Methods and characteristics of published network meta-analyses using individual patient data: protocol for a scoping review

Introduction Individual patient data (IPD) meta-analysis (MA) offers advantages over aggregate MA of using standardised criteria for patient characteristics across trials, and allowing reliable investigation of subgroup effects of interventions. Network meta-analysis (NMA) allows for the comparison of multiple treatments in a comprehensive analysis and the determination of the best treatment among several competing treatments, including those that have never been compared in a head-to-head study. Including IPD in NMA may enable the prevention of misleading inferences due to several biases, such as aggregation bias. Application of IPD-NMA methods in healthcare have begun to appear in medical journals. Our objective is to conduct a scoping review of existing IPD-NMA methods, and summarise their properties. We also aim to describe the characteristics of empirical IPD-NMAs, and examine how their results are reported. Methods and analysis We will search relevant electronic databases from inception until October 2014 (eg, MEDLINE), grey literature, and Google. The scoping review will consider published and unpublished papers that report completion of an IPD-NMA, describe a method, or report the methodological quality of IPD-NMA. We will include IPD-NMA of any quantitative study (eg, experimental, quasiexperimental, observational studies). Two reviewers will independently screen titles, abstracts and full-text articles, and will complete data abstraction. The anticipated outcome will be a collection of all the IPD-NMAs completed to date, and a description of their methods and reporting of results.

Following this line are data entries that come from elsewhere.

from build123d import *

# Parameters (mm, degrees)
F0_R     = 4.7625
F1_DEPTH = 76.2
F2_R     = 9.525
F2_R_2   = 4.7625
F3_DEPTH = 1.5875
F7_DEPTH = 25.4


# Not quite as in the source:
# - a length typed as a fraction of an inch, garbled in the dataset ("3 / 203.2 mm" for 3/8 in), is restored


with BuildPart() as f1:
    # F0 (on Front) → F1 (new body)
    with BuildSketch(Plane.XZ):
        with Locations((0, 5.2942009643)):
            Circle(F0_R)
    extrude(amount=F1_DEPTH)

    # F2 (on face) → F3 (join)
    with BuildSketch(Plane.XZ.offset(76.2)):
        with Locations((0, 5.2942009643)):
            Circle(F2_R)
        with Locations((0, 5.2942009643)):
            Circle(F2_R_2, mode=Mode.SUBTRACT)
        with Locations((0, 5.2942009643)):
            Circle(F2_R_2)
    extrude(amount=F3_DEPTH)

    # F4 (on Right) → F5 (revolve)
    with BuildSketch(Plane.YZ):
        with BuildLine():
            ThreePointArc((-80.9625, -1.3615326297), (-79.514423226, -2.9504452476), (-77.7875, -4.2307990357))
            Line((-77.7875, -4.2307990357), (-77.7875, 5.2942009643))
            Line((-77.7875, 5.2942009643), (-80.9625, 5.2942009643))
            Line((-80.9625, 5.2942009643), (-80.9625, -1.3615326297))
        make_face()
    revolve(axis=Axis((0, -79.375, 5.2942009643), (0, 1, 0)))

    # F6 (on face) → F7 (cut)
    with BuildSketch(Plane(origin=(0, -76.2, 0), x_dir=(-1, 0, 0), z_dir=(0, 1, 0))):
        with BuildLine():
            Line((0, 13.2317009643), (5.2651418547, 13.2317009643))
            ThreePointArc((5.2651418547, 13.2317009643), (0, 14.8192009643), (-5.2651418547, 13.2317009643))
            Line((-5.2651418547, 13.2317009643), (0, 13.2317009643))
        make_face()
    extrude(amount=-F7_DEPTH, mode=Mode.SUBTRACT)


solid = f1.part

We will create summary tables providing the characteristics of the included studies, and the various methods. Quantitative data (eg, number of patients) will be summarised by medians and IQRs, and categorical data (eg, type of effect size) by frequencies and percentages. Ethics and dissemination Ethical approval is not required as our study will not include confidential participant data and interventions. We will disseminate our results through an open access, peer-reviewed publication.